> **EXERCISE PROMPT**
All entries need to be written out again exactly, without their pictures.

START PROVIDED RECORDS

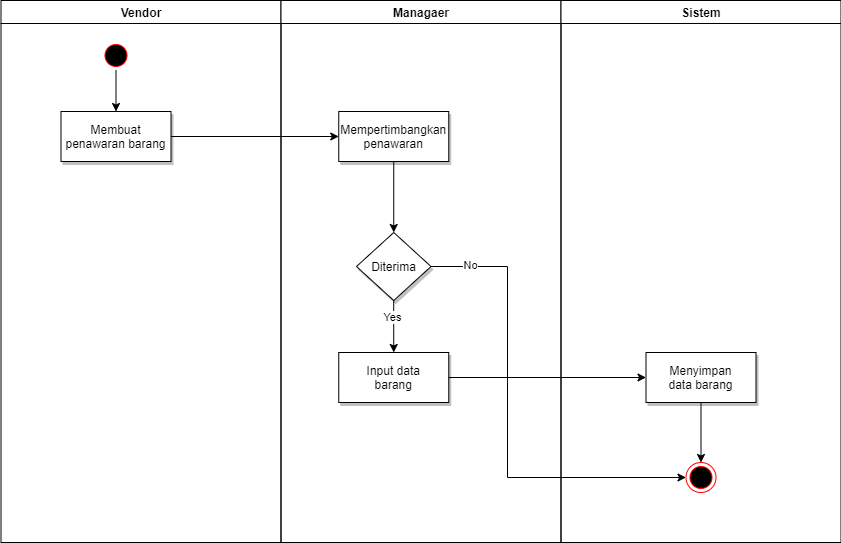

The diagram above was exported from draw.io. Its source (the exported page's mxGraphModel, read from the mxfile embedded in the PNG):
<mxGraphModel dx="1246" dy="706" grid="1" gridSize="10" guides="1" tooltips="1" connect="1" arrows="1" fold="1" page="1" pageScale="1" pageWidth="1169" pageHeight="826" background="#ffffff" math="0" shadow="0">
  <root>
    <mxCell id="0" />
    <mxCell id="1" parent="0" />
    <mxCell id="2" value="Vendor" style="swimlane;whiteSpace=wrap" parent="1" vertex="1">
      <mxGeometry x="164.5" y="128" width="280" height="542" as="geometry" />
    </mxCell>
    <mxCell id="u17SakBeNZCGdowYW3YH-48" style="edgeStyle=orthogonalEdgeStyle;rounded=0;orthogonalLoop=1;jettySize=auto;html=1;entryX=0.5;entryY=0;entryDx=0;entryDy=0;" parent="2" source="5" target="7" edge="1">
      <mxGeometry relative="1" as="geometry" />
    </mxCell>
    <mxCell id="5" value="" style="ellipse;shape=startState;fillColor=#000000;strokeColor=#ff0000;" parent="2" vertex="1">
      <mxGeometry x="100" y="40" width="30" height="30" as="geometry" />
    </mxCell>
    <mxCell id="7" value="Membuat &#10;penawaran barang" style="shadow=1;" parent="2" vertex="1">
      <mxGeometry x="60" y="111" width="110" height="50" as="geometry" />
    </mxCell>
    <mxCell id="3" value="Managaer" style="swimlane;whiteSpace=wrap" parent="1" vertex="1">
      <mxGeometry x="444.5" y="128" width="280" height="542" as="geometry" />
    </mxCell>
    <mxCell id="u17SakBeNZCGdowYW3YH-44" style="edgeStyle=orthogonalEdgeStyle;rounded=0;orthogonalLoop=1;jettySize=auto;html=1;entryX=0.5;entryY=0;entryDx=0;entryDy=0;" parent="3" source="u17SakBeNZCGdowYW3YH-42" target="u17SakBeNZCGdowYW3YH-41" edge="1">
      <mxGeometry relative="1" as="geometry" />
    </mxCell>
    <mxCell id="u17SakBeNZCGdowYW3YH-47" value="Yes" style="edgeLabel;html=1;align=center;verticalAlign=middle;resizable=0;points=[];" parent="u17SakBeNZCGdowYW3YH-44" vertex="1" connectable="0">
      <mxGeometry x="-0.3702" y="-2" relative="1" as="geometry">
        <mxPoint as="offset" />
      </mxGeometry>
    </mxCell>
    <mxCell id="u17SakBeNZCGdowYW3YH-42" value="Diterima" style="rhombus;whiteSpace=wrap;html=1;shadow=1;" parent="3" vertex="1">
      <mxGeometry x="75.5" y="232" width="74.5" height="68" as="geometry" />
    </mxCell>
    <mxCell id="u17SakBeNZCGdowYW3YH-41" value="Input data&#10;barang" style="shadow=1;" parent="3" vertex="1">
      <mxGeometry x="57.75" y="352" width="110" height="50" as="geometry" />
    </mxCell>
    <mxCell id="u17SakBeNZCGdowYW3YH-51" style="edgeStyle=orthogonalEdgeStyle;rounded=0;orthogonalLoop=1;jettySize=auto;html=1;entryX=0.5;entryY=0;entryDx=0;entryDy=0;" parent="3" source="u17SakBeNZCGdowYW3YH-49" target="u17SakBeNZCGdowYW3YH-42" edge="1">
      <mxGeometry relative="1" as="geometry" />
    </mxCell>
    <mxCell id="u17SakBeNZCGdowYW3YH-49" value="Mempertimbangkan&#10;penawaran" style="shadow=1;" parent="3" vertex="1">
      <mxGeometry x="57.75" y="111" width="110" height="50" as="geometry" />
    </mxCell>
    <mxCell id="4" value="Sistem" style="swimlane;whiteSpace=wrap" parent="1" vertex="1">
      <mxGeometry x="724.5" y="128" width="280" height="542" as="geometry" />
    </mxCell>
    <mxCell id="u17SakBeNZCGdowYW3YH-54" value="Menyimpan&#10;data barang" style="shadow=1;" parent="4" vertex="1">
      <mxGeometry x="85" y="352" width="110" height="50" as="geometry" />
    </mxCell>
    <mxCell id="38" value="" style="ellipse;shape=endState;fillColor=#000000;strokeColor=#ff0000" parent="4" vertex="1">
      <mxGeometry x="125" y="462" width="30" height="30" as="geometry" />
    </mxCell>
    <mxCell id="u17SakBeNZCGdowYW3YH-58" style="edgeStyle=orthogonalEdgeStyle;rounded=0;orthogonalLoop=1;jettySize=auto;html=1;entryX=0.5;entryY=0;entryDx=0;entryDy=0;" parent="4" source="u17SakBeNZCGdowYW3YH-54" target="38" edge="1">
      <mxGeometry relative="1" as="geometry" />
    </mxCell>
    <mxCell id="u17SakBeNZCGdowYW3YH-50" style="edgeStyle=orthogonalEdgeStyle;rounded=0;orthogonalLoop=1;jettySize=auto;html=1;entryX=0;entryY=0.5;entryDx=0;entryDy=0;" parent="1" source="7" target="u17SakBeNZCGdowYW3YH-49" edge="1">
      <mxGeometry relative="1" as="geometry" />
    </mxCell>
    <mxCell id="u17SakBeNZCGdowYW3YH-55" style="edgeStyle=orthogonalEdgeStyle;rounded=0;orthogonalLoop=1;jettySize=auto;html=1;entryX=0;entryY=0.5;entryDx=0;entryDy=0;" parent="1" source="u17SakBeNZCGdowYW3YH-41" target="u17SakBeNZCGdowYW3YH-54" edge="1">
      <mxGeometry relative="1" as="geometry" />
    </mxCell>
    <mxCell id="u17SakBeNZCGdowYW3YH-45" style="edgeStyle=orthogonalEdgeStyle;rounded=0;orthogonalLoop=1;jettySize=auto;html=1;entryX=0;entryY=0.5;entryDx=0;entryDy=0;" parent="1" source="u17SakBeNZCGdowYW3YH-42" target="38" edge="1">
      <mxGeometry relative="1" as="geometry">
        <Array as="points">
          <mxPoint x="671" y="394" />
          <mxPoint x="671" y="605" />
        </Array>
      </mxGeometry>
    </mxCell>
    <mxCell id="u17SakBeNZCGdowYW3YH-46" value="No" style="edgeLabel;html=1;align=center;verticalAlign=middle;resizable=0;points=[];" parent="u17SakBeNZCGdowYW3YH-45" vertex="1" connectable="0">
      <mxGeometry x="-0.8399" y="2" relative="1" as="geometry">
        <mxPoint as="offset" />
      </mxGeometry>
    </mxCell>
  </root>
</mxGraphModel>

END PROVIDED RECORDS

> **RESULT OF THE EXERCISE**
The diagram above was exported from draw.io. Its source (the exported page's mxGraphModel, read from the mxfile embedded in the PNG):
<mxGraphModel dx="1246" dy="706" grid="1" gridSize="10" guides="1" tooltips="1" connect="1" arrows="1" fold="1" page="1" pageScale="1" pageWidth="1169" pageHeight="826" background="#ffffff" math="0" shadow="0">
  <root>
    <mxCell id="0" />
    <mxCell id="1" parent="0" />
    <mxCell id="2" value="Vendor" style="swimlane;whiteSpace=wrap" parent="1" vertex="1">
      <mxGeometry x="164.5" y="128" width="280" height="542" as="geometry" />
    </mxCell>
    <mxCell id="u17SakBeNZCGdowYW3YH-48" style="edgeStyle=orthogonalEdgeStyle;rounded=0;orthogonalLoop=1;jettySize=auto;html=1;entryX=0.5;entryY=0;entryDx=0;entryDy=0;" parent="2" source="5" target="7" edge="1">
      <mxGeometry relative="1" as="geometry" />
    </mxCell>
    <mxCell id="5" value="" style="ellipse;shape=startState;fillColor=#000000;strokeColor=#ff0000;" parent="2" vertex="1">
      <mxGeometry x="100" y="40" width="30" height="30" as="geometry" />
    </mxCell>
    <mxCell id="7" value="Membuat &#10;penawaran barang" style="shadow=1;" parent="2" vertex="1">
      <mxGeometry x="60" y="111" width="110" height="50" as="geometry" />
    </mxCell>
    <mxCell id="3" value="Managaer" style="swimlane;whiteSpace=wrap" parent="1" vertex="1">
      <mxGeometry x="444.5" y="128" width="280" height="542" as="geometry" />
    </mxCell>
    <mxCell id="u17SakBeNZCGdowYW3YH-44" style="edgeStyle=orthogonalEdgeStyle;rounded=0;orthogonalLoop=1;jettySize=auto;html=1;entryX=0.5;entryY=0;entryDx=0;entryDy=0;" parent="3" source="u17SakBeNZCGdowYW3YH-42" target="u17SakBeNZCGdowYW3YH-41" edge="1">
      <mxGeometry relative="1" as="geometry" />
    </mxCell>
    <mxCell id="u17SakBeNZCGdowYW3YH-47" value="Yes" style="edgeLabel;html=1;align=center;verticalAlign=middle;resizable=0;points=[];" parent="u17SakBeNZCGdowYW3YH-44" vertex="1" connectable="0">
      <mxGeometry x="-0.3702" y="-2" relative="1" as="geometry">
        <mxPoint as="offset" />
      </mxGeometry>
    </mxCell>
    <mxCell id="u17SakBeNZCGdowYW3YH-42" value="Diterima" style="rhombus;whiteSpace=wrap;html=1;shadow=1;" parent="3" vertex="1">
      <mxGeometry x="75.5" y="232" width="74.5" height="68" as="geometry" />
    </mxCell>
    <mxCell id="u17SakBeNZCGdowYW3YH-41" value="Input data&#10;barang" style="shadow=1;" parent="3" vertex="1">
      <mxGeometry x="57.75" y="352" width="110" height="50" as="geometry" />
    </mxCell>
    <mxCell id="u17SakBeNZCGdowYW3YH-51" style="edgeStyle=orthogonalEdgeStyle;rounded=0;orthogonalLoop=1;jettySize=auto;html=1;entryX=0.5;entryY=0;entryDx=0;entryDy=0;" parent="3" source="u17SakBeNZCGdowYW3YH-49" target="u17SakBeNZCGdowYW3YH-42" edge="1">
      <mxGeometry relative="1" as="geometry" />
    </mxCell>
    <mxCell id="u17SakBeNZCGdowYW3YH-49" value="Mempertimbangkan&#10;penawaran" style="shadow=1;" parent="3" vertex="1">
      <mxGeometry x="57.75" y="111" width="110" height="50" as="geometry" />
    </mxCell>
    <mxCell id="4" value="Sistem" style="swimlane;whiteSpace=wrap" parent="1" vertex="1">
      <mxGeometry x="724.5" y="128" width="280" height="542" as="geometry" />
    </mxCell>
    <mxCell id="u17SakBeNZCGdowYW3YH-54" value="Menyimpan&#10;data barang" style="shadow=1;" parent="4" vertex="1">
      <mxGeometry x="85" y="352" width="110" height="50" as="geometry" />
    </mxCell>
    <mxCell id="38" value="" style="ellipse;shape=endState;fillColor=#000000;strokeColor=#ff0000" parent="4" vertex="1">
      <mxGeometry x="125" y="462" width="30" height="30" as="geometry" />
    </mxCell>
    <mxCell id="u17SakBeNZCGdowYW3YH-58" style="edgeStyle=orthogonalEdgeStyle;rounded=0;orthogonalLoop=1;jettySize=auto;html=1;entryX=0.5;entryY=0;entryDx=0;entryDy=0;" parent="4" source="u17SakBeNZCGdowYW3YH-54" target="38" edge="1">
      <mxGeometry relative="1" as="geometry" />
    </mxCell>
    <mxCell id="u17SakBeNZCGdowYW3YH-50" style="edgeStyle=orthogonalEdgeStyle;rounded=0;orthogonalLoop=1;jettySize=auto;html=1;entryX=0;entryY=0.5;entryDx=0;entryDy=0;" parent="1" source="7" target="u17SakBeNZCGdowYW3YH-49" edge="1">
      <mxGeometry relative="1" as="geometry" />
    </mxCell>
    <mxCell id="u17SakBeNZCGdowYW3YH-55" style="edgeStyle=orthogonalEdgeStyle;rounded=0;orthogonalLoop=1;jettySize=auto;html=1;entryX=0;entryY=0.5;entryDx=0;entryDy=0;" parent="1" source="u17SakBeNZCGdowYW3YH-41" target="u17SakBeNZCGdowYW3YH-54" edge="1">
      <mxGeometry relative="1" as="geometry" />
    </mxCell>
    <mxCell id="u17SakBeNZCGdowYW3YH-45" style="edgeStyle=orthogonalEdgeStyle;rounded=0;orthogonalLoop=1;jettySize=auto;html=1;entryX=0;entryY=0.5;entryDx=0;entryDy=0;" parent="1" source="u17SakBeNZCGdowYW3YH-42" target="38" edge="1">
      <mxGeometry relative="1" as="geometry">
        <Array as="points">
          <mxPoint x="671" y="394" />
          <mxPoint x="671" y="605" />
        </Array>
      </mxGeometry>
    </mxCell>
    <mxCell id="u17SakBeNZCGdowYW3YH-46" value="No" style="edgeLabel;html=1;align=center;verticalAlign=middle;resizable=0;points=[];" parent="u17SakBeNZCGdowYW3YH-45" vertex="1" connectable="0">
      <mxGeometry x="-0.8399" y="2" relative="1" as="geometry">
        <mxPoint as="offset" />
      </mxGeometry>
    </mxCell>
  </root>
</mxGraphModel>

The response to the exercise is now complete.